Quoted from google. "You can use a trap culture method to multiply commercial inoculant (skip forward), or to make your own local AM fungi from a soil sample. The easiest way to make mycorrhizal inoculant is to get it from a nearby plant. Simply take an infected plant's root area and place it close another plant's roots to inoculate."

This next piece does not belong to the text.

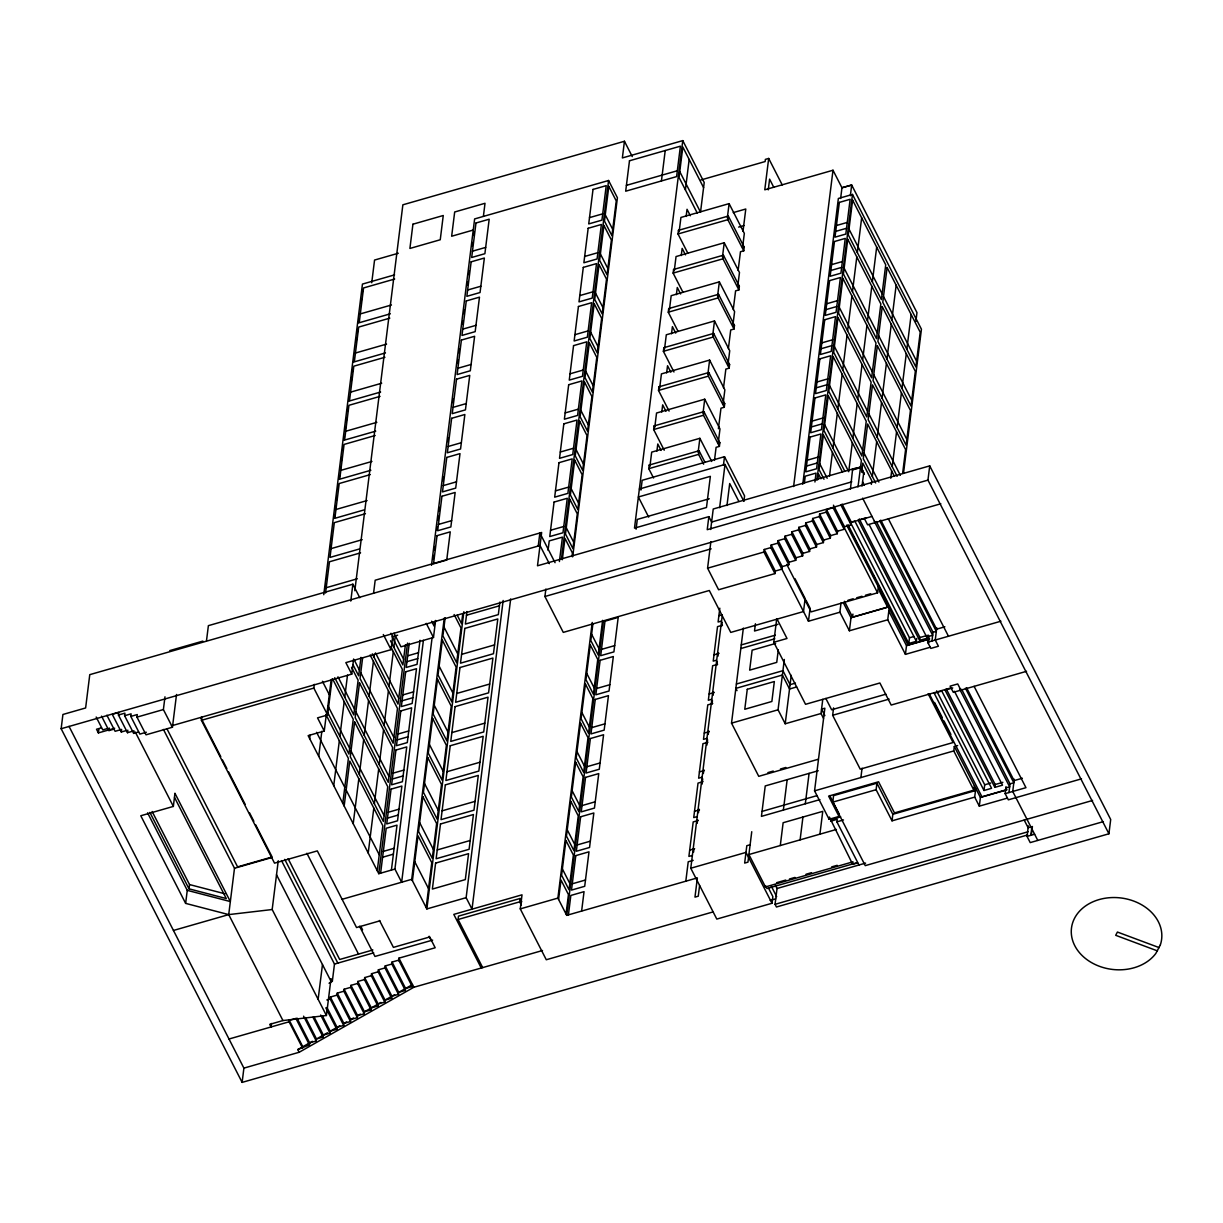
<?xml version="1.0" encoding="UTF-8"?>
<svg xmlns="http://www.w3.org/2000/svg" width="1223" height="1223" viewBox="0 0 1223 1223"><rect width="100%" height="100%" fill="white"/><g stroke="black" fill="none" stroke-linecap="round" stroke-linejoin="round"><path stroke-width="1.5" d="M373.565 593.262L375.186 580.222L541.651 532.479L537.493 565.79L708.851 516.641L707.23 529.681L929.725 465.871L1110.698 819.517L1108.925 833.78L242.123 1082.386L61.15 728.725L62.923 714.477L85.625 707.964L89.768 674.653L540.016 545.519L549.31 563.665M114.672 728.235L98.39 732.913L98.864 729.168M113.815 729.198L108.939 730.59L109.26 728.021M138.535 732.011L133.659 733.403L133.98 730.834L127.482 732.699L118.432 715.012L118.753 712.459L112.256 714.324L121.306 731.996L126.183 730.605M121.306 731.996L121.627 729.428L115.115 731.293L106.89 715.226M133.659 733.403L124.624 715.715L124.929 713.147L118.432 715.012M127.482 732.699L127.803 730.131M146.347 732.241L139.85 734.106L130.8 716.418L131.121 713.85L124.624 715.715M176.525 694.481L172.443 727.226L146.026 734.809L136.976 717.121L137.297 714.553L130.8 716.418M172.443 727.226L163.393 709.554L164.983 696.82M271.491 1023.483L271.063 1026.953L269.733 1024.354L282.941 1020.563L326.419 1015.503L272.179 909.53L228.716 914.605L185.636 903.384L140.783 815.756L173.36 806.416L174.92 793.391M206.504 640.653L208.384 625.656L352.881 584.212L359.791 597.726M379.849 920.858L356.55 927.538L317.323 850.887L274.533 863.163L201.428 720.316L201.871 716.846M185.636 903.384L187.257 890.344L147.586 812.821M174.553 797.488L226.27 898.538L188.999 888.831L189.534 884.565L152.141 811.506M282.941 1020.563L228.716 914.605L234.495 868.254L163.439 729.428M242.123 1082.386L243.897 1068.122L69.023 726.37M272.179 909.53L278.263 860.763M323.759 594.699L362.451 284.088L394.586 274.869M325.517 587.743L325.975 584.028M326.679 578.464L327.137 574.764M330.393 548.623L330.852 544.908M331.54 539.358L332.014 535.643M334.154 518.414L334.598 514.883M335.255 509.502L335.729 505.802M336.417 500.238L336.875 496.538M337.808 489.108L338.267 485.409M339.031 479.294L339.459 475.778M340.132 470.396L340.59 466.682M341.293 461.117L341.752 457.417M342.669 450.003L343.143 446.288M343.892 440.188L344.336 436.657M345.008 431.276L345.467 427.576M346.155 422.011L346.629 418.297M347.546 410.882L348.005 407.183M348.769 401.068L349.212 397.536M351.261 381.041L351.72 377.326M352.423 371.777L352.881 368.062M353.646 361.947L354.074 358.431M356.138 341.92L356.596 338.221M357.284 332.656L357.758 328.941M358.507 322.841L358.951 319.31M361.014 302.815L361.473 299.1M362.161 293.535L362.62 289.836M423.403 640.363L394.922 869.079L378.794 873.696L308.15 735.635L324.263 731.018L317.537 717.87L327.611 714.981L313.837 688.09L314.311 684.36M325.563 593.002L329.461 561.77L360.571 552.842M309.679 738.631L310.122 735.084M371.731 282.758L374.559 260.056L398.316 253.237M318.729 756.303L321.832 731.308M324.263 731.018L326.373 714.003M326.938 713.682L331.158 679.881M302.631 1048.187L289.117 1021.786L289.285 1020.318L295.89 1018.423L309.419 1044.839L297.785 1049.579L299.161 1052.269L413.833 987.267L542.508 950.516M327.611 714.981L332.09 679.01M350.772 601.074L352.881 584.212M354.808 590.74L402.871 204.807L624.449 141.272L632.276 156.575M333.741 785.64L339.337 740.71M339.872 736.368L344.198 701.605M344.748 697.263L347.5 675.172M171.403 725.851L351.75 674.118L353.63 658.983M309.419 1044.839L309.664 1042.852L296.99 1018.086M318.133 999.329L322.475 964.565M342.792 803.328L348.387 758.398L325.991 714.645M360.968 657.363L358.66 675.83L352.912 664.563M344.167 806.018L349.763 761.088L382.86 825.785L377.265 870.715M362.574 658.234L360.051 678.52L393.149 743.217L397.475 708.438L370.126 655.008M309.664 1042.852L316.268 1040.956L316.512 1038.969L305.536 1017.505M327.474 1032.747L316.512 1038.969L323.117 1037.073L323.361 1035.086L314.066 1016.925M326.419 1015.503L331.005 978.675L332.335 981.274L329.063 983.246M343.678 1025.409L330.164 999.008L330.409 997.02L337.013 995.125L337.258 993.122L343.862 991.226L344.122 989.239L350.726 987.343L350.97 985.356L357.575 983.46L357.819 981.473L364.423 979.577L364.668 977.59L371.272 975.694L371.532 973.707L378.136 971.811L378.381 969.824L384.985 967.928L385.23 965.925L391.834 964.045L392.079 962.042L398.698 960.147L412.212 986.564L405.608 988.459L405.348 990.447L398.744 992.342L398.499 994.33L391.895 996.225L391.65 998.213L385.046 1000.108L384.802 1002.111L378.182 1003.991L377.938 1005.994L371.333 1007.89L371.089 1009.877L364.485 1011.773L364.24 1013.76L357.636 1015.656L357.376 1017.643L350.772 1019.539L350.527 1021.526L343.923 1023.422L343.678 1025.409L337.074 1027.305L336.829 1029.292L330.225 1031.188L329.965 1033.19L323.361 1035.086M332.335 981.274L334.475 964.076L281.519 860.61M353.218 823.706L358.813 778.776M359.348 774.434L363.674 739.655M364.225 735.313L368.551 700.55M369.086 696.208L373.428 661.429M373.963 657.087L374.33 654.198M351.75 674.118L345.849 662.621L391.07 649.658L392.69 636.617L390.963 633.254M368.215 853.027L373.81 808.113M374.36 803.756L378.687 768.992M379.237 764.65L383.563 729.871M384.098 725.529L388.425 690.766M388.975 686.409L393.302 651.645M393.852 647.303L395.243 636.082M405.425 644.704L402.887 664.976L390.504 640.776M378.794 873.696L407.519 643.099M380.613 873.176L386.208 828.261L397.001 825.158L391.406 870.088M409.231 643.359L406.235 667.452L417.028 664.364L420.024 640.271M431.49 565.332L474.631 218.932L608.58 180.5L617.416 197.759L572.685 556.801M433.202 559.003L433.645 555.441M434.303 550.105L434.746 546.543M436.794 530.155L437.177 527.006M438.063 519.882L438.507 516.335M439.179 510.985L439.623 507.438M442.94 480.777L443.383 477.215M447.817 441.656L448.26 438.094M452.678 402.535L453.121 398.988M457.555 363.43L457.998 359.868M458.885 352.744L459.328 349.197M462.432 324.309L462.875 320.747M463.762 313.638L464.205 310.076M467.308 285.204L467.752 281.642M468.638 274.518L469.082 270.956M472.17 246.083L472.613 242.521M473.5 235.397L473.943 231.85M483.391 216.349L485.011 203.293L454.681 211.992L451.654 236.238L473.072 230.092M432.04 638.192L401.648 882.226L394.922 869.079M434.7 621.376L434.104 626.1L431.627 621.238M394.02 633.224L400.976 646.814L433.477 637.489L435.602 620.458M398.622 960.697L398.943 958.159L435.174 947.764L429.67 936.986L393.424 947.382L379.482 920.46M503.157 600.462L466.131 897.667L426.858 908.934L411.708 879.337L444.255 618.119M412.411 880.682L418.006 835.768L431.765 862.658L426.17 907.573M445.157 617.753L442.894 635.838L456.668 662.728L460.995 627.965L454.115 614.527M412.212 986.564L412.457 984.576L398.744 992.342L385.23 965.925M462.63 614.802L461.53 623.623L457.234 615.215M426.858 908.934L463.869 611.729M466.941 611.546L465.382 624.066L498.327 614.619L499.886 602.083M482.718 967.668L458.075 919.497L458.487 916.134L520.096 898.477L521.793 901.794M510.664 598.918L472.017 909.163L466.131 897.667M538.242 546.024L539.863 532.983L555.059 562.687M548.057 550.304L549.234 540.902L562.442 537.126L559.4 561.556M794.965 578.647L805.131 598.506L803.511 611.546L730.758 632.413L709.309 590.495L563.283 632.383L544.923 596.503L545.855 589.058M561.418 559.094L608.58 180.5M521.365 905.158L519.668 901.84L520.096 898.477M562.305 559.752L564.965 538.395L572.41 552.949L571.967 556.511M712.734 912.006L546.284 959.749L520.264 908.888L522.022 894.823L453.809 914.391L481.205 967.943M624.449 141.272L622.369 157.935L682.77 140.614L704.219 182.533L700.519 212.16L679.759 171.602M699.602 885.498L698.272 896.184L694.97 897.132L697.37 877.885L566.723 915.354L557.887 898.095L592.222 622.446M558.575 899.44L561.005 880.025L568.45 894.579L566.035 914.009M592.941 623.562L590.831 640.546L598.276 655.1L602.618 620.336M566.723 915.354L603.413 620.825M568.42 914.865L570.835 895.45L584.044 891.659L581.628 911.074M661.444 180.943L665.22 150.521M682.77 140.614L634.492 528.137L706.481 507.484L710.364 476.343L638.375 496.981L648.679 517.13M636.082 529.207L637.29 519.423L709.279 498.77M640.944 490.087L642.167 480.303L724.505 456.699L744.578 495.911L743.966 500.803M653.556 478.01L648.771 468.669L649.23 465.046L699.052 450.752L704.922 462.218M664.211 450.217L653.648 429.548L654.091 425.925L703.928 411.631L719.858 442.757L719.399 446.38L716.097 447.328L714.477 460.398M669.088 411.096L658.509 390.443L658.968 386.82L708.805 372.526L724.719 403.636L724.276 407.259L720.974 408.207L718.405 428.753M673.965 371.975L663.386 351.322L663.844 347.699L713.666 333.405L729.596 364.53L729.153 368.154L725.851 369.101L723.512 387.783M678.001 331.25L668.262 312.201L668.706 308.578L718.543 294.284L734.473 325.41L734.014 329.033L730.712 329.981L728.388 348.662M682.877 292.129L673.124 273.096L673.583 269.473L723.42 255.179L739.349 286.289L738.891 289.912L735.589 290.86L733.265 309.541M687.754 253.023L678.001 233.975L678.459 230.352L728.297 216.058L744.211 247.184L743.767 250.807L740.465 251.755L738.126 270.436M685.4 189.871L689.176 159.449M656.904 451.134L657.791 443.98L661.108 450.446M661.781 412.013L662.667 404.859L665.985 411.325M666.642 372.908L667.544 365.738L670.846 372.205M671.519 333.787L672.405 326.633L675.723 333.099M676.395 294.667L677.282 287.512L680.6 293.979M681.272 255.561L682.159 248.391L685.461 254.858M686.134 216.44L687.036 209.286L690.338 215.752M698.088 452.571L699.877 438.308L651.691 452.128L649.917 466.391L649.23 465.046M702.965 413.45L704.738 399.202L656.552 413.022L654.779 427.27L654.091 425.925M707.842 374.345L709.615 360.082L661.429 373.902L659.656 388.165L658.968 386.82M712.719 335.224L714.492 320.961L666.306 334.781L664.532 349.044L663.844 347.699M717.58 296.119L719.353 281.856L671.182 295.676L669.394 309.939L668.706 308.578M722.457 256.998L724.23 242.735L676.044 256.555L674.27 270.818L673.583 269.473M727.333 217.877L729.107 203.629L680.921 217.449L679.147 231.697L678.459 230.352M703.638 464.205L698.608 454.375L699.052 450.752M719.399 446.38L703.485 415.254L703.928 411.631M724.276 407.259L708.346 376.149L708.805 372.526M729.153 368.154L713.223 337.028L713.666 333.405M734.014 329.033L718.1 297.908L718.543 294.284M738.891 289.912L722.961 258.802L723.42 255.179M743.767 250.807L727.838 219.681L728.297 216.058M743.003 231.361L745.785 209.011L733.25 212.603M718.421 441.442L719.98 428.967L704.738 399.202M723.297 402.336L724.857 389.862L709.615 360.082M728.174 363.216L729.718 350.741L714.492 320.961M733.036 324.095L734.595 311.62L719.353 281.856M737.912 284.99L739.472 272.515L724.23 242.735M742.789 245.869L744.333 233.394L729.107 203.629M710.685 529.483L713.238 508.997L855.244 468.271M775.275 571.049L781.879 569.154L782.2 566.616L788.804 564.72L789.125 562.198L795.73 560.302L796.035 557.764L802.64 555.869L802.961 553.331L809.565 551.435L809.886 548.898L816.49 547.002L816.796 544.464L823.4 542.584L823.721 540.046L830.325 538.151L830.646 535.613L837.251 533.717L837.572 531.179L844.176 529.284L833.138 507.728L826.534 509.624L826.213 512.162L819.609 514.057L819.303 516.595L812.684 518.491L812.378 521.013L805.774 522.909L805.453 525.447L798.848 527.342L798.527 529.88L791.923 531.776L791.617 534.313L785.013 536.209L784.692 538.731L778.088 540.627L777.767 543.165L771.163 545.061L770.857 547.598L764.237 549.494L775.275 571.049L774.954 573.587L718.604 589.746L707.582 568.191L710.869 541.728M723.496 464.847L724.505 456.699M719.628 507.728L725.01 464.45L639.369 489.017M701.024 179.934L765.109 161.558L765.384 159.387L768.686 158.44L764.772 189.81L833.001 170.242L841.959 187.761L840.629 198.447M726.966 505.527L729.703 483.544L738.83 501.369M768.258 189.871L769.603 179.139L773.731 187.226M685.813 881.202L688.228 861.772L693.181 860.35M719.812 608.198L718.1 622.018L721.402 621.07M768.503 888.097L772.844 896.566L772.003 903.262L716.8 919.085L690.781 868.238L722.319 614.986M693.563 852.186L694.007 848.624M697.171 823.308L697.614 819.746M698.501 812.622L698.945 809.06M702.033 784.188L702.705 778.852M703.363 773.502L703.806 769.955M706.909 745.067L707.582 739.732M708.239 734.396L708.683 730.834M712 704.173L712.443 700.611M713.116 695.276L713.559 691.714M716.877 665.067L717.32 661.505M717.993 656.17L718.436 652.608M721.753 625.947L722.197 622.385M818.126 759.3L758.749 776.33L731.522 723.145L743.355 628.102M774.954 573.587L763.932 552.032L764.237 549.494M755.432 623.776L754.515 631.022L777.996 624.296M951.035 687.876L891.185 705.044L879.887 682.984L805.544 704.31L773.792 642.274L776.681 619.006M793.605 486.54L833.001 170.242M751.748 831.716L747.956 862.154L744.654 863.086L746.81 845.705L750.112 844.757M778.317 649.673L776.743 662.377L749.653 670.143L752.13 650.177L775.611 643.451M802.777 484.216L838.366 198.478L852.477 194.442L921.439 329.216L903.537 473.026M804.352 483.314L805.238 476.206L816.031 473.102L814.931 482M822.773 699.373L821.015 713.498L785.212 723.771L778.057 709.799L784.325 659.472M850.352 195.726L851.682 185.025L841.959 187.761L851.682 185.025L916.975 312.629L915.874 321.542M785.212 723.771L791.235 675.31M857.644 862.934L852.691 864.355L852.997 861.818L765.476 886.935L765.613 885.834L766.989 888.54L856.834 862.765M816.888 480.18L852.477 194.442M817.805 479.615L818.523 473.928L820.985 478.759M783.377 810.085L787.169 779.663M780.289 845.536L783.133 822.727L822.758 811.353L819.914 834.178M841.042 602.893L839.88 612.219L808.464 621.223L810.085 608.183L805.957 600.111M1027.626 834.957L776.437 907.007L775.061 904.317L777.033 888.494L775.413 885.33M829.5 476.053L832.435 452.495M832.985 448.153L837.312 413.389M837.847 409.048L842.188 374.269M842.723 369.927L847.05 335.163M847.6 330.806L851.927 296.042M852.462 291.701L856.803 256.922M857.338 252.58L861.665 217.816M800.102 839.849L802.945 817.04M805.3 803.786L809.091 773.364M852.324 442.711L848.716 471.696L824.654 424.687M852.859 438.369L857.185 403.605M857.736 399.248L862.062 364.485M862.612 360.143L866.939 325.364M867.474 321.022L871.8 286.258M872.351 281.901L876.677 247.138M844.176 529.284L844.481 526.746L833.459 505.191M850.428 489.093L852.599 469.387M829.76 795.562L839.299 814.212L839.024 816.444L829.118 819.288L814.564 790.853L824.852 708.209L821.55 709.157L824.868 715.638M844.481 526.746L851.086 524.866L851.407 522.328L842.066 504.075M858.011 486.922L861.374 460.398L828.261 395.702L823.935 430.465L844.65 470.962M860.732 467.064L852.049 469.556L860.732 467.064L864.355 474.142L860.824 466.33M861.619 472.154L862.75 463.089L871.8 480.777L871.342 484.4M928.119 693.701L953.099 742.529L860.228 769.16L832.649 715.287L833.582 707.888M862.047 486.112L863.576 473.851L860.411 467.66M851.009 617.737L889.35 606.746L887.73 619.786L849.389 630.778L851.009 617.737L843.243 602.542M887.974 604.04L887.592 607.097L852.553 617.156L852.935 614.099M829.118 819.288L829.393 817.056L852.691 864.355M872.335 476.435L876.662 441.656M877.212 437.314L881.538 402.55M882.089 398.194L886.415 363.43M886.95 359.088L891.277 324.309M891.827 319.967L896.153 285.204M1092.582 800.454L865.257 865.639L832.771 802.135L833.582 795.623L876.922 783.194L892.836 814.304L892.026 820.832L974.685 797.121L975.771 788.422M858.974 864.997L836.884 821.841L837.205 819.303L830.6 821.199M890.772 478.239L891.674 470.993M892.224 466.651L896.551 431.872M897.086 427.53L901.427 392.766M901.962 388.41L906.289 353.646M906.839 349.304L911.166 314.525M786.802 564.414L811.094 611.882L877.564 592.819L878.481 585.481M860.9 777.568L862.062 768.197M902.666 473.102L905.601 449.56L872.488 384.863L868.162 419.627L897.147 476.297M892.026 820.832L876.111 789.706L876.922 783.194M930.244 647.242L905.433 654.366L906.503 645.668L888.815 611.087M1108.925 833.78L927.951 480.119L929.725 465.871M916.7 638.452L916.348 641.311L908.765 643.481L909.484 637.779L850.551 522.618M919.971 637.519L927.63 635.318L927.279 638.177L919.62 640.378L919.971 637.519L859.31 518.98M936.772 627.781L935.259 640.042L938.423 646.233L930.841 648.404L927.661 642.213L928.532 635.211M928.41 643.65L928.93 639.369M931.957 640.99L933.027 632.291L876.371 521.579M839.024 816.444L828.613 796.112L878.557 781.787L894.487 812.898L973.844 790.15L953.772 750.922L954.322 746.504L957.624 745.571M973.844 790.15L974.395 785.732M1007.431 798.084L979.317 806.156L980.403 797.457L954.322 746.504M983.995 790.486L934.219 693.227L941.802 691.056L991.578 788.3L983.995 790.486L984.698 784.769L936.65 690.873M954.444 691.27L1002.493 785.166L994.834 787.367L995.186 784.509L946.281 688.931M1081.514 778.837L1008.333 799.827L1005.153 793.635L1006.025 786.634M1008.944 792.55L1010.03 783.867L961.645 689.298M1014.264 779.219L1012.736 791.464L1037.792 840.43M1103.406 821.611L1030.209 842.601L1027.045 836.41L1028.36 825.907M1030.836 835.324L1031.922 826.641L1028.13 827.726L1024.201 820.052M1031.325 835.187L1032.411 826.488M330.363 997.035L343.923 1023.422L346.659 1021.862M297.785 1049.579L312.4 1041.293M339.811 1025.761L330.225 1031.188L322.612 1016.344M353.523 1017.979L350.772 1019.539L337.258 993.122M360.372 1014.096L357.636 1015.656L344.122 989.239M380.934 1002.447L364.485 1011.773L350.97 985.356M394.632 994.681L385.046 1000.108L371.532 973.707M626.405 185.361L677.328 170.746M472.475 251.189L485.684 247.398M589.501 217.633L602.71 213.842M394.677 279.027L363.552 287.955L359.226 322.734L390.351 313.807M360.326 313.914L391.452 304.986M467.629 290.019L480.838 286.243M584.655 256.463L597.879 252.672M678.001 233.975L727.838 219.681M389.816 318.148L358.691 327.076L354.349 361.84L385.474 352.912M738.616 227.096L743.981 225.552M355.45 353.019L386.575 344.106M742.56 247.657L744.211 247.184M462.753 329.14L475.976 325.349M579.794 295.584L593.002 291.793M836.456 225.521L847.264 222.433M673.124 273.096L722.961 258.802M384.939 357.269L353.814 366.181L349.488 400.961L380.613 392.033M835.737 231.376L846.53 228.273M350.588 392.14L381.698 383.212M737.698 286.763L739.349 286.289M457.891 368.261L471.1 364.469M574.917 334.689L588.125 330.898M831.594 264.642L842.387 261.539M668.262 312.201L718.1 297.908M380.063 396.374L348.937 405.302L344.611 440.066L375.736 431.153M830.86 270.482L841.653 267.394M345.712 431.26L376.837 422.332M732.822 325.884L734.473 325.41M453.014 407.366L466.223 403.59M570.04 373.81L583.249 370.019M826.717 303.763L837.51 300.659M663.386 351.322L713.223 337.028M375.201 435.495L344.076 444.423L339.734 479.187L370.859 470.259M825.984 309.602L836.792 306.514M340.835 470.366L371.96 461.438M727.945 365.004L729.596 364.53M448.138 446.487L461.361 442.695M565.179 412.915L578.387 409.139M821.841 342.868L832.634 339.78M658.509 390.443L708.346 376.149M370.324 474.6L339.199 483.528L334.873 518.307L364.164 509.899M821.122 348.723L831.915 345.62M335.958 509.487L367.083 500.559M723.068 404.11L724.719 403.636M443.276 485.607L456.485 481.816M560.302 452.036L573.511 448.245M816.964 381.989L827.772 378.885M653.648 429.548L703.485 415.254M365.448 513.721L334.322 522.649L329.996 557.413L359.287 549.02M816.245 387.829L827.038 384.741M331.097 548.607L362.222 539.679M718.207 443.23L719.858 442.757M438.43 524.438L451.639 520.646M555.471 490.866L568.68 487.09M812.103 421.109L822.896 418.006M648.771 468.669L698.608 454.375M811.369 426.949L822.162 423.846M326.22 587.713L357.345 578.785M550.564 530.262L563.772 526.486M807.226 460.215L818.019 457.127M806.492 466.07L817.3 462.967M169.752 650.605L202.85 641.112M852.828 469.846L860.961 467.507M851.804 481.831L711.618 522.038L708.851 516.641M61.15 728.725L927.951 480.119M466.467 615.245L499.427 605.798M392.69 636.617L397.643 635.196M544.923 596.503L711.144 548.837M136.976 717.121L163.393 709.554M101.433 727.823L96.51 729.244L98.39 732.913M107.639 728.495L102.763 729.886L96.174 717.03M850.275 522.374L854.816 521.074L916.348 641.311M865.746 517.941L858.087 520.127L919.62 640.378M851.407 522.328L871.999 516.412M707.582 568.191L763.932 552.032M407.687 655.818L418.48 652.73M940.823 503.769L867.581 524.789L864.401 518.598M201.428 720.316L313.837 688.09M406.953 661.674L417.746 658.57M461.606 654.366L494.551 644.903M402.81 694.939L413.603 691.836M402.077 700.779L412.885 697.691M601.487 649.382L614.695 645.606M718.879 615.719L722.182 614.772M456.729 693.472L489.689 684.024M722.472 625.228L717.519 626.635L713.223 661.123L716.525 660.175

Its just like growing any other fungus. A little can and will grow a lot. Just a matter of applying it to to scale that we would need.

User avatar
ClinchValley86
Cowhand
Cowhand
Posts: 52
Joined: Sat Jun 08, 2019 5:36 am
Location: East Tennessee
Has thanked: 16 times
Been thanked: 10 times

Re: Mycorrhizal Applications

Post by ClinchValley86 » Sat Jun 22, 2019 6:49 am


Growing Mycorrhizal Fungi in Chicken Manure and Wood Shavings



How to harvest Mycorrhizal Fungi from the forest food.

What a stillframe!

I think i am going to put forth effort and try this in a spot or two.

User avatar
BFE
Cowhand
Cowhand
Posts: 154
Joined: Sat Jun 10, 2017 12:24 pm
Location: Southeast Illinois
Has thanked: 7 times
Been thanked: 12 times

Re: Mycorrhizal Applications

Post by BFE » Sun Jun 23, 2019 7:17 am

There are a growing number of row crop farmers who are recognizing the importance of soil health and are seeing the results of using methods to promote it. Many use components of conventional ag as well as more natural practices. Used to be farmers looked at N-P-K and that was about it, while many now are recognizing the importance of soil structure and biological activity as well. A long time cover crop man about forty miles from me has changed his soil structure from the use of deep rooted covers, pushing the natural hardpan in our local soils from 12-18" deep to over 36" or more, increasing water holding capacity and infiltration. Although I haven't used covers that extensively, I am dedicated notill using tillage only when absolutely necessary and the benefits show. Our fields are solid, not compacted, with loads of earthworms. Long term, I believe the ag community will recognize the strictly conventional methods aren't sufficient for long term (centuries) sustainability.